All experiments in the measurements of DPPH and ABTS scavenging activities were performed in triplicate and trolox was used as a standard substance. The plotted graphs between % scavenging and concentration were used to calculate the half maximal inhibitory concentration (IC₅₀) values, the concentrations that are required to inhibit 50% of DPPH or ABTS radical scavenging.

3.6. Statistical Analysis

Results are expressed as means ± standard deviation (SD). Statistical analyses were performed by unpaired t-test or the Tukey’s test after one-way analysis of variance (one-way ANOVA). Significance was established when the probability level was equal to or less than 5%.

4. Conclusions

Our study, for the first time, has investigated the effects of the roasting process on the antibacterial functions of turmeric. While roasting with mild heat (light-roasting) did not alter the effects of turmeric on bacteria, we observed that roasting with high heat (dark-roasting) significantly decreased antibacterial properties, as well as the curcumin contents and other therapeutic values, such as total polyphenol and antioxidant activities. We therefore suggest that light-roasting might be more preferred in the processing of turmeric for bacterial infections. However, further research is necessary to elucidate the relationships between changes in the phytochemical profiles and the alteration in the antibacterial effects in processed materials.

5. Limitations

Our study has several limitations that should be verified in future research. Firstly, we have not yet identified the products derived from thermal degradation of curcumin to clarify how the changes in phytochemical constituents participate in the reduction in antibacterial properties. In addition, research on animals is needed to confirm the comparison results with in vivo conditions. Furthermore, investigations with more specified processing conditions should be tested to find out the optimal roasting methods for turmeric.

Supplementary Materials

The following supporting information can be downloaded at: https://www.mdpi.com/article/10.3390/molecules28217242/s1, Supplementary materials: S1 Data (ZIP).

Author Contributions

Conceptualization, H.T.T.N. and A.M.; methodology, H.T.T.N., A.M., P.P., M.Z.I. and H.T.N.; software, H.T.N., P.P. and M.Z.I.; validation, H.T.T.N. and A.M.; formal analysis, H.T.N., S.W., T.O., H.C.N., H.T.T., H.T.T.P., A.T.H.D. and H.T.H.; investigation, H.T.N., S.W., T.O., H.C.N., H.T.T., H.T.T.P., A.T.H.D. and H.T.H.; writing—original draft preparation, H.T.N.; writing—review and editing, H.T.T.N. and A.M.; supervision, A.M.; project administration, H.T.T.N.; funding acquisition, H.T.T.N. All authors have read and agreed to the published version of the manuscript.

Funding

This research is funded by Vietnam National Foundation for Science and Technology Development (NAFOSTED) under grant number 09/2019/TN. The funders had no role in the design of the study; in the collection, analyses, or interpretation of data; in the writing of the manuscript; or in the decision to publish the results.

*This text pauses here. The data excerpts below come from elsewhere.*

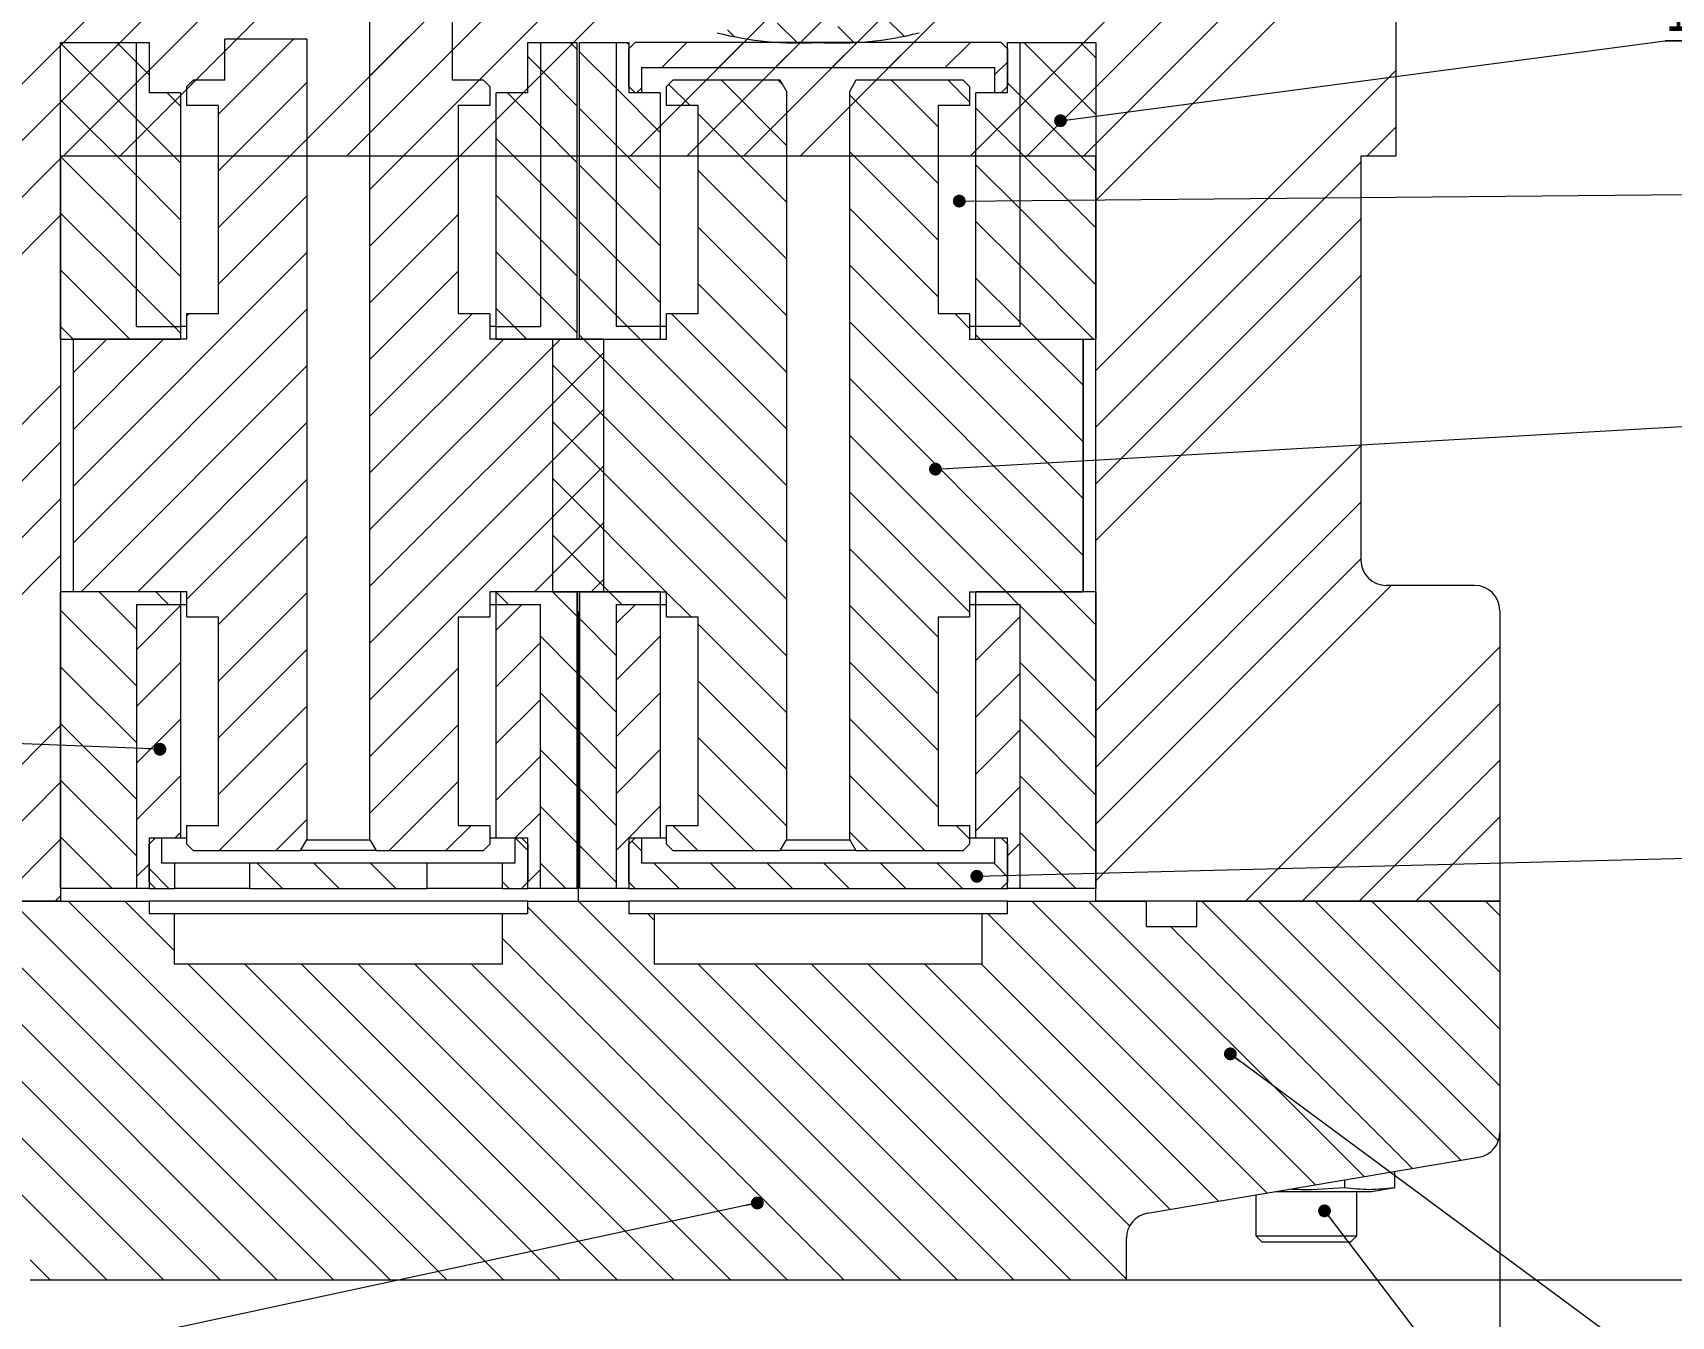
# Model space of a CAD drawing. Header units: millimetres. Extents: x 20 to 415, y 5 to 292.
# Drawn here: x 98.7 to 228.5, y 108.1 to 209.7 of the extents above; entities that cross this region are included whole.
import ezdxf

# ---------------------------------------------------------------- set-up
doc = ezdxf.new("R2010")
doc.units = ezdxf.units.MM
doc.styles.add('SLDTEXTSTYLE0', font='TXT', dxfattribs={"width": 0.7})
doc.dimstyles.new('SLDDIMSTYLE0', dxfattribs={"dimtxt": 4.10931, "dimasz": 3.302, "dimexe": 0, "dimexo": 0.0625, "dimgap": 1.027327, "dimtad": 2, "dimdec": 3, "dimrnd": 1e-09, "dimzin": 12, "dimdsep": 46, "dimtxsty": 'SLDTEXTSTYLE0', "dimsah": 1, "dimcen": 0.09, "dimadec": 0, "dimazin": 3, "dimtfac": 1, "dimtdec": 3, "dimtofl": 0, "dimtmove": 0, "dimatfit": 3, "dimfxl": 0, "dimfrac": 2, "dimtolj": 1, "dimtzin": 12, "dimarcsym": 0})

# ---------------------------------------------------------------- blocks, each defined once
blk = doc.blocks.new('_DOT')
at = {"color": 0, "linetype": 'ByBlock', "lineweight": -2}
blk.add_line((-0.5, 0), (-1, 0), dxfattribs=at)
at = {"color": 0, "linetype": 'ByBlock', "const_width": 0.5}
blk.add_lwpolyline([(-0.25, 0, 1), (0.25, 0, 1)], format="xyb", close=True, dxfattribs=at)
blk = doc.blocks.new('_D')
at = {"color": 7, "linetype": 'Continuous', "lineweight": 0}
for p, q in [((129.34, 258.93), (321.94, 258.93)), ((320.94, 258.93), (320.94, 110.93)), ((185.36, 110.93), (321.94, 110.93))]:
    blk.add_line(p, q, dxfattribs=at)
for points in [[(320.94, 258.93), (320.44, 255.63), (321.45, 255.63)], [(320.94, 110.93), (321.45, 114.23), (320.44, 114.23)]]:
    blk.add_solid(points, dxfattribs=at)
at = {"color": 7, "linetype": 'Continuous', "lineweight": 0, "insert": (315.49, 173.74), "char_height": 4.233, "attachment_point": 1, "rotation": 90, "style": 'SLDTEXTSTYLE0'}
blk.add_mtext('148', dxfattribs=at)
blk = doc.blocks.new('_D_1')
at = {"color": 7, "linetype": 'Continuous', "lineweight": 0}
for p, q in [((68.94, 140.93), (68.94, 69.93)), ((214.94, 140.93), (214.94, 69.93)), ((214.94, 70.93), (68.94, 70.93))]:
    blk.add_line(p, q, dxfattribs=at)
for points in [[(68.94, 70.93), (72.25, 70.42), (72.25, 71.44)], [(214.94, 70.93), (211.64, 71.44), (211.64, 70.42)]]:
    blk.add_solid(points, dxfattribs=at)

Institutional Review Board Statement

Not applicable.

Informed Consent Statement

Not applicable.

Data Availability Statement

All the data are shown in manuscript and Supplementary Materials (S1 Data).

Acknowledgments

We would like to thank to the “Support for Autonomous Higher Education Project (SAHEP)”, sponsored by World Bank, for the providing of facilities used in this research, through the establishment of Centre of Excellence in Vietnam National University of Agriculture (https://sahep.vnua.edu.vn, accessed on 21 October 2023).

Conflicts of Interest

The authors declare no conflict of interest.

Abbreviations

ABTS: 2,2′-Azino-bis (3-ethylbenzo thiazoline-6-sulfonic acid; DPPH: 1,1-Diphenyl-2-picrylhydrazyl; DMSO: dimethyl sulfoxide; Gram-positive: gram (+); Gram-negative: gram (−); MIC: minimum inhibitory concentration; IC50: half maximal inhibitory concentration; RT: retention time; B. subtilis: Bacillus subtilis; E. coli: Escherichia coli; P. aeruginosa: Pseudomonas aeruginosa; S. aureus: Staphylococcus aureus; S. Typhimurium: Salmonella enterica subsp. enterica serovar Typhimurium.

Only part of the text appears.